# Directions for this task
Find the string "Standard" in the records and copy each line where it occurs.

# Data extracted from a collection
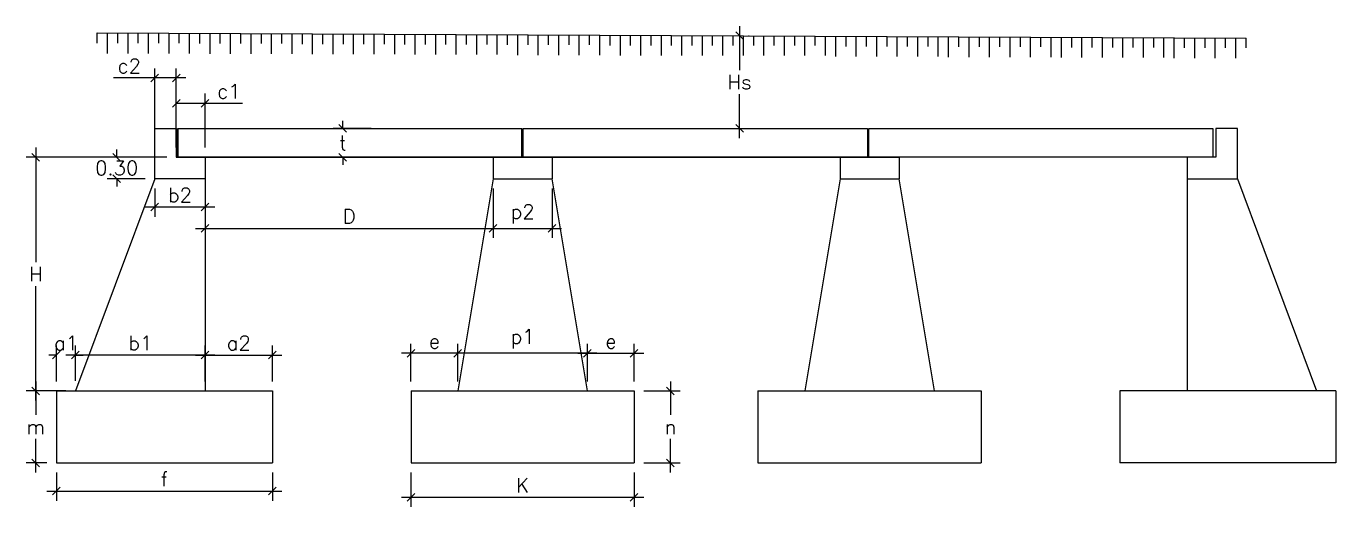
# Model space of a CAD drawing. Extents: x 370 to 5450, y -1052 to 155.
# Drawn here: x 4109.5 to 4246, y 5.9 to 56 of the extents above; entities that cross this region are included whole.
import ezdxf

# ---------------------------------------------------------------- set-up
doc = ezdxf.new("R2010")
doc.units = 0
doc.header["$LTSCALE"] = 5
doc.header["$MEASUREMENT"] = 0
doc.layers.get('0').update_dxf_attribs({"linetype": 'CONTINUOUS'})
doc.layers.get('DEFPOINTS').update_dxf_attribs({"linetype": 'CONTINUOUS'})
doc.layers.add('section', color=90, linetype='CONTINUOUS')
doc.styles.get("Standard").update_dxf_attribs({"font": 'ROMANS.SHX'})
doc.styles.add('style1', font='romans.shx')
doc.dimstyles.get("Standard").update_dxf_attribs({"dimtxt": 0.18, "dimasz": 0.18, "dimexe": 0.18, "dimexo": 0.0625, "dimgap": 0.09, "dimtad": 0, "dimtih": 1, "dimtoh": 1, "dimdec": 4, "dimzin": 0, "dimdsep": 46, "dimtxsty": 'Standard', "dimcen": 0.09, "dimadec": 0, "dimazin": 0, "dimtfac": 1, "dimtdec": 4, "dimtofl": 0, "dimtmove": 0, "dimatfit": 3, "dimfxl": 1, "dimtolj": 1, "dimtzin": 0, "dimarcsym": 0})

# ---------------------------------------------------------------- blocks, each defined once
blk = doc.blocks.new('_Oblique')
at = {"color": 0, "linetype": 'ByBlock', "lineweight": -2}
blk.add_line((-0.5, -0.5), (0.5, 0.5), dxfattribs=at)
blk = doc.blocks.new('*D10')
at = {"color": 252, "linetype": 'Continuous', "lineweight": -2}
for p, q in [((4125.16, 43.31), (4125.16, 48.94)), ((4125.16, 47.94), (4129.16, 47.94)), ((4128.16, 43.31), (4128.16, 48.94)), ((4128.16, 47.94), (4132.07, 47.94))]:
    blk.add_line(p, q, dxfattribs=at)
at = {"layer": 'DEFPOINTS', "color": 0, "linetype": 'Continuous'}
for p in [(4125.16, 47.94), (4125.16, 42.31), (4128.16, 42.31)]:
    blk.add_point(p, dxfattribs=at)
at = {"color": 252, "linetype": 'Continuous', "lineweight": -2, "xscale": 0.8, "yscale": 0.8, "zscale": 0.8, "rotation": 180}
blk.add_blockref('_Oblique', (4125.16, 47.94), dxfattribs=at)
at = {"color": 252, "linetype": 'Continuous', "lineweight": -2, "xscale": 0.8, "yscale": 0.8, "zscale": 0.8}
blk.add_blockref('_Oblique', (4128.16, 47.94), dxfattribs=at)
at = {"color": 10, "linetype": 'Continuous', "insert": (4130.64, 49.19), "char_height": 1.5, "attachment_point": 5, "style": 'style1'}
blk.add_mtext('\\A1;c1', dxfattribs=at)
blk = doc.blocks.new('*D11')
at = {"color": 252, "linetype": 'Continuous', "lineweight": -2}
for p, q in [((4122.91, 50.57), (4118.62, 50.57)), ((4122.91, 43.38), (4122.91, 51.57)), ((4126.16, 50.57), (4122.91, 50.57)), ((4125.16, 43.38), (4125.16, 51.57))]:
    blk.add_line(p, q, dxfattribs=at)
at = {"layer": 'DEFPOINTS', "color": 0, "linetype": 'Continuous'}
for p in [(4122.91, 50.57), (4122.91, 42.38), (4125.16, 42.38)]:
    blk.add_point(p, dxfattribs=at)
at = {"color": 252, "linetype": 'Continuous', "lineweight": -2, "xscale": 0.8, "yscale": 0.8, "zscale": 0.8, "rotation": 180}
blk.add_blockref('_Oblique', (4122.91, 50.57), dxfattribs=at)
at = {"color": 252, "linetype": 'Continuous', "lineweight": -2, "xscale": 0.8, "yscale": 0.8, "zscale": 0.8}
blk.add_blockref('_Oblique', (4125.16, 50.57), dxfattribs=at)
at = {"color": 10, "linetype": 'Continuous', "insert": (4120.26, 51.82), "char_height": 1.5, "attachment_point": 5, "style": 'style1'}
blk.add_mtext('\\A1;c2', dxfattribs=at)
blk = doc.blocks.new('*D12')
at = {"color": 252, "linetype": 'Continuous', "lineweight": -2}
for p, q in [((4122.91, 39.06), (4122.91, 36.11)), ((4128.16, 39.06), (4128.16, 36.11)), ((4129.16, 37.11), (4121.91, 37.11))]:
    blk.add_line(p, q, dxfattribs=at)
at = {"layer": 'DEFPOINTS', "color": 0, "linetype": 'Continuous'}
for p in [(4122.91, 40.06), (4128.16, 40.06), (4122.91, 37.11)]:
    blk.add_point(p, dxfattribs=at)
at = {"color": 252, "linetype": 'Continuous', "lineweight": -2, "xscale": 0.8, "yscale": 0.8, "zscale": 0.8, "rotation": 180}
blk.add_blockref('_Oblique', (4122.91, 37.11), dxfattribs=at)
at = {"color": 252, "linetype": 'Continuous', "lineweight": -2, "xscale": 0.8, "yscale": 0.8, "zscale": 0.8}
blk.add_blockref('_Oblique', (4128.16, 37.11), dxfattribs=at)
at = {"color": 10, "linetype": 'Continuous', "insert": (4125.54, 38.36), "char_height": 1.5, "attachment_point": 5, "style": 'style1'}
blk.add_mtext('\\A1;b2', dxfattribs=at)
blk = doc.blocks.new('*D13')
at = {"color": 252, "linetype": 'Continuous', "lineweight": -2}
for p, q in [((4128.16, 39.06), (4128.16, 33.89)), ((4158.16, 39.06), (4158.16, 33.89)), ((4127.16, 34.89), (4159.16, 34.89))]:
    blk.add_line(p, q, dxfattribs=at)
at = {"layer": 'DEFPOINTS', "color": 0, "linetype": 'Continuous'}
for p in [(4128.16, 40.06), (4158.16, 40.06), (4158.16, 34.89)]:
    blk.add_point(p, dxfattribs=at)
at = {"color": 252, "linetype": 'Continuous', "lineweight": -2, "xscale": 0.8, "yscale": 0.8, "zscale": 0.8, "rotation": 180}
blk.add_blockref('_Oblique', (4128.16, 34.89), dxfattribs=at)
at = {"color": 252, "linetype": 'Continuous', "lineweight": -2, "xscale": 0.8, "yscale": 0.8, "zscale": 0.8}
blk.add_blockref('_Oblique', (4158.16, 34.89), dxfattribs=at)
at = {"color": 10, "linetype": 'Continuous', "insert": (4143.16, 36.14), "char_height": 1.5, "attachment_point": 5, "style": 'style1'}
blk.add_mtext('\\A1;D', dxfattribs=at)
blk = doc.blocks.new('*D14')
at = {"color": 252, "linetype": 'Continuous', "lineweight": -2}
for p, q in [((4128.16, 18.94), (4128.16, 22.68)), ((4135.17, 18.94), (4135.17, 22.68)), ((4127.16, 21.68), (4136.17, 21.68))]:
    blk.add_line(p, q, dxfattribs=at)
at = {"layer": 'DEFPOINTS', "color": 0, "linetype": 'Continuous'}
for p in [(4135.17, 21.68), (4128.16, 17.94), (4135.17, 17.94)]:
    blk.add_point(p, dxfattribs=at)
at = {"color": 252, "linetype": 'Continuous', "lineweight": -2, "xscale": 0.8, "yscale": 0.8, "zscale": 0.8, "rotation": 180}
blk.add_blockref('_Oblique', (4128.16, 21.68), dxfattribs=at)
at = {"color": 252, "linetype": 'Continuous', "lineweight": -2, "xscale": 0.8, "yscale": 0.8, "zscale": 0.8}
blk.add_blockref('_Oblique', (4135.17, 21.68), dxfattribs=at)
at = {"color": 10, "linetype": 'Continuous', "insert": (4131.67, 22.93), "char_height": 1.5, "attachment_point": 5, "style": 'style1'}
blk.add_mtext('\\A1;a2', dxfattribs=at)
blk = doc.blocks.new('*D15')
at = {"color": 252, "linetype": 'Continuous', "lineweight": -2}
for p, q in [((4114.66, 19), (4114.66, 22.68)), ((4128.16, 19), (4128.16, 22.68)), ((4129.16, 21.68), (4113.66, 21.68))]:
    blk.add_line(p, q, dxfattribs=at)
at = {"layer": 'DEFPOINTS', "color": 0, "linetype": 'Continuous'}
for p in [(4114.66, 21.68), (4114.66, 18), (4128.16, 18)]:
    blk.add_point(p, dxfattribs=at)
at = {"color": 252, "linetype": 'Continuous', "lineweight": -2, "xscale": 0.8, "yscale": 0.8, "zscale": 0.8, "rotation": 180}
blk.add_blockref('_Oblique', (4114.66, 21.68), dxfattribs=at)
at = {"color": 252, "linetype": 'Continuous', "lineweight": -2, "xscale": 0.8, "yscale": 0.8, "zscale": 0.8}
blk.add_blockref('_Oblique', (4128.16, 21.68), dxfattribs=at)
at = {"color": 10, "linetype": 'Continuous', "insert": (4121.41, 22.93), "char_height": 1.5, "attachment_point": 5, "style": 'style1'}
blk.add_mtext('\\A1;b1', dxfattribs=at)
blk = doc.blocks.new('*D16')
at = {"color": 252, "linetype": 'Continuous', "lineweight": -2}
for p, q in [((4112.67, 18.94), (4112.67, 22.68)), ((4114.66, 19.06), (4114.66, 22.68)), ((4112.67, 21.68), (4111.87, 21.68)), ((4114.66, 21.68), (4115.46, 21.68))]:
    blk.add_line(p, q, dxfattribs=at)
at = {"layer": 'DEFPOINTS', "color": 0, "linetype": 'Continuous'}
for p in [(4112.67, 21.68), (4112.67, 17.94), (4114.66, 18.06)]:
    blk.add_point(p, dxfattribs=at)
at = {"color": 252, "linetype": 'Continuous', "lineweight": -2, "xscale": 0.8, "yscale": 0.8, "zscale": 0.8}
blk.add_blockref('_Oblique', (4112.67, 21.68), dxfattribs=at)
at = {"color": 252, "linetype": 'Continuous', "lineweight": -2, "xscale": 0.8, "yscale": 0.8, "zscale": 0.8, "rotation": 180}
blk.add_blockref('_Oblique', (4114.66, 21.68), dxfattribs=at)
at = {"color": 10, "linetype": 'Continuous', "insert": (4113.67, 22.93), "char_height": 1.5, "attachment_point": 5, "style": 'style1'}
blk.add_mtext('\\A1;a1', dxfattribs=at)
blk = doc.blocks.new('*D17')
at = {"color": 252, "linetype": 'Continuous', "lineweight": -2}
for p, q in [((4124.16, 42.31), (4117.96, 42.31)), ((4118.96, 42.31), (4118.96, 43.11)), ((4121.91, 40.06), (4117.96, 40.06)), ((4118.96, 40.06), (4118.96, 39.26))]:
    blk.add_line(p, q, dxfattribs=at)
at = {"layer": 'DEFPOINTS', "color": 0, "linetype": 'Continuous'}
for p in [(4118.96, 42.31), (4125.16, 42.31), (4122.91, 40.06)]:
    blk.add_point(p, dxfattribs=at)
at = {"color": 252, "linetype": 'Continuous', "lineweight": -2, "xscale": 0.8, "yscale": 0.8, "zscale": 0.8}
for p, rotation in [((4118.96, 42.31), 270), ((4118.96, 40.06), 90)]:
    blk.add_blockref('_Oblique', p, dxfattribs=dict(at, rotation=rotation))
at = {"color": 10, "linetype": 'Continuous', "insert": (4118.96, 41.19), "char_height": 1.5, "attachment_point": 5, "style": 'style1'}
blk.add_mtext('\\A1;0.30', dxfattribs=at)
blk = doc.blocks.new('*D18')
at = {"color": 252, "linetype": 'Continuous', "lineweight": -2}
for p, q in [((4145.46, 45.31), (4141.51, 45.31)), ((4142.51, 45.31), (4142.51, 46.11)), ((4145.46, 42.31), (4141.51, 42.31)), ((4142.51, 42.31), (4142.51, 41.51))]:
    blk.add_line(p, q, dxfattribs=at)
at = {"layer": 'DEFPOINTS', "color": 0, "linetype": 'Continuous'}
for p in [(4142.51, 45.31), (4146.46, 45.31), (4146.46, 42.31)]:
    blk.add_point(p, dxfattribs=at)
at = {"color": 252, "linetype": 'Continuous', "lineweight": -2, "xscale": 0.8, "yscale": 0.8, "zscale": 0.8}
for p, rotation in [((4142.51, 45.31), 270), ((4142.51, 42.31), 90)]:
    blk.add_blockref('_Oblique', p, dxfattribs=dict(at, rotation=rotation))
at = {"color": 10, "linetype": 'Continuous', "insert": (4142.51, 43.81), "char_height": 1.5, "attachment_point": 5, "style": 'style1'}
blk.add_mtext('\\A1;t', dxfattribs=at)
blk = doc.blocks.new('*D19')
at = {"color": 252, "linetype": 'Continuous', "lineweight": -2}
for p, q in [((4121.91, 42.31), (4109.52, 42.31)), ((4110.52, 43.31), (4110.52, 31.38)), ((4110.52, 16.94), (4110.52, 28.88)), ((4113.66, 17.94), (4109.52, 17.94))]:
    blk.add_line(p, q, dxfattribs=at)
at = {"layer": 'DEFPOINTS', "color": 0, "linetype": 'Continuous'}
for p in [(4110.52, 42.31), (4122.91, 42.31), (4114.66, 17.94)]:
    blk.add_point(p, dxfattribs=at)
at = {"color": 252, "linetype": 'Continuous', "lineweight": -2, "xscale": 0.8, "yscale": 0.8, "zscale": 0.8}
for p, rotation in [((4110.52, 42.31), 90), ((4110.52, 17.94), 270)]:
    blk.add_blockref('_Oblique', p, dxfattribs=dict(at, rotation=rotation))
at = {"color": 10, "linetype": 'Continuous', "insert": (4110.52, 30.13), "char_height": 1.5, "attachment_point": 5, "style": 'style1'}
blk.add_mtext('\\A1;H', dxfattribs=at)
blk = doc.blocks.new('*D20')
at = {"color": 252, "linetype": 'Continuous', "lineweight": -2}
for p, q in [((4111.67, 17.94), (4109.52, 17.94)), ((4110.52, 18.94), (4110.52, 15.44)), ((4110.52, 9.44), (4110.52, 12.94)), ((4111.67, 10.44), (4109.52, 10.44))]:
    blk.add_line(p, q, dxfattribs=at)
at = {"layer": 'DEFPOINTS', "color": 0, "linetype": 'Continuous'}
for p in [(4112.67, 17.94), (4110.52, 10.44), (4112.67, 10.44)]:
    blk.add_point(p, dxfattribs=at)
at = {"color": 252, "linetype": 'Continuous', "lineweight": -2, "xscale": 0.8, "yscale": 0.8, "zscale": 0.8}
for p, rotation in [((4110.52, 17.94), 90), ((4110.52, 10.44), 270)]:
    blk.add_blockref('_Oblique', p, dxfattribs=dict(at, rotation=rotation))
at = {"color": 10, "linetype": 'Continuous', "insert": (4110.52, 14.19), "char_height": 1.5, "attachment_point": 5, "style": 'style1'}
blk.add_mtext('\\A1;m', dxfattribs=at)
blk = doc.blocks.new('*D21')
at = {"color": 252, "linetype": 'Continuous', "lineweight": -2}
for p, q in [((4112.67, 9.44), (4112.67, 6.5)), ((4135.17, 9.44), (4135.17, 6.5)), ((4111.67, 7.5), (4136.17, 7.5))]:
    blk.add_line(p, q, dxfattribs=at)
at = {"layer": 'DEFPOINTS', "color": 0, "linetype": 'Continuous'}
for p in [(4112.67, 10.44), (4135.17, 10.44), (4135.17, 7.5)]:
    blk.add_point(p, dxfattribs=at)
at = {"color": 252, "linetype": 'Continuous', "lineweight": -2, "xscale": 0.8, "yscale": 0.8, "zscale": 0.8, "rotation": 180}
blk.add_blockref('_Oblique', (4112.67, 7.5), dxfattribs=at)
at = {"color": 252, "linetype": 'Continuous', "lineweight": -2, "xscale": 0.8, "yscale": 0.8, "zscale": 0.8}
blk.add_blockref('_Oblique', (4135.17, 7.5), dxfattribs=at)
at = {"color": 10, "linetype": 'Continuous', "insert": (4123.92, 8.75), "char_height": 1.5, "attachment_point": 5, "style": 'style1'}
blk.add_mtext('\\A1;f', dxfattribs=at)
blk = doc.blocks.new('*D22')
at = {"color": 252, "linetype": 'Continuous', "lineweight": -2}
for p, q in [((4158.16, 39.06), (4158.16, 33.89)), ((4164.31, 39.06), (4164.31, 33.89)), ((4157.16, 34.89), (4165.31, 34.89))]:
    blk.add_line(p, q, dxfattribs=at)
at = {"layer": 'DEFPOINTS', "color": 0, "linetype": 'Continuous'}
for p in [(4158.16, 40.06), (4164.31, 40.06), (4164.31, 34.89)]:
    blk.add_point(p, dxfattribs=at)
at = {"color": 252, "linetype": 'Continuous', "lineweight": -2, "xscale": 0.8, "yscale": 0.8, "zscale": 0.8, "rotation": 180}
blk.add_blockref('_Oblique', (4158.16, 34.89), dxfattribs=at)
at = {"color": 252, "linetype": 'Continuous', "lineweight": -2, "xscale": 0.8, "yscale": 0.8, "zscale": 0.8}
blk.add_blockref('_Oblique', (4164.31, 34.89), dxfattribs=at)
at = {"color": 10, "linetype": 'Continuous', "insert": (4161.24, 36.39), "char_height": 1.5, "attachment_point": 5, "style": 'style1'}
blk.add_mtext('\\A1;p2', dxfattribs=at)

# Reply to the task
doc.styles.get("Standard").update_dxf_attribs({"font": 'ROMANS.SHX'})
doc.dimstyles.get("Standard").update_dxf_attribs({"dimtxt": 0.18, "dimasz": 0.18, "dimexe": 0.18, "dimexo": 0.0625, "dimgap": 0.09, "dimtad": 0, "dimtih": 1, "dimtoh": 1, "dimdec": 4, "dimzin": 0, "dimdsep": 46, "dimtxsty": 'Standard', "dimcen": 0.09, "dimadec": 0, "dimazin": 0, "dimtfac": 1, "dimtdec": 4, "dimtofl": 0, "dimtmove": 0, "dimatfit": 3, "dimfxl": 1, "dimtolj": 1, "dimtzin": 0, "dimarcsym": 0})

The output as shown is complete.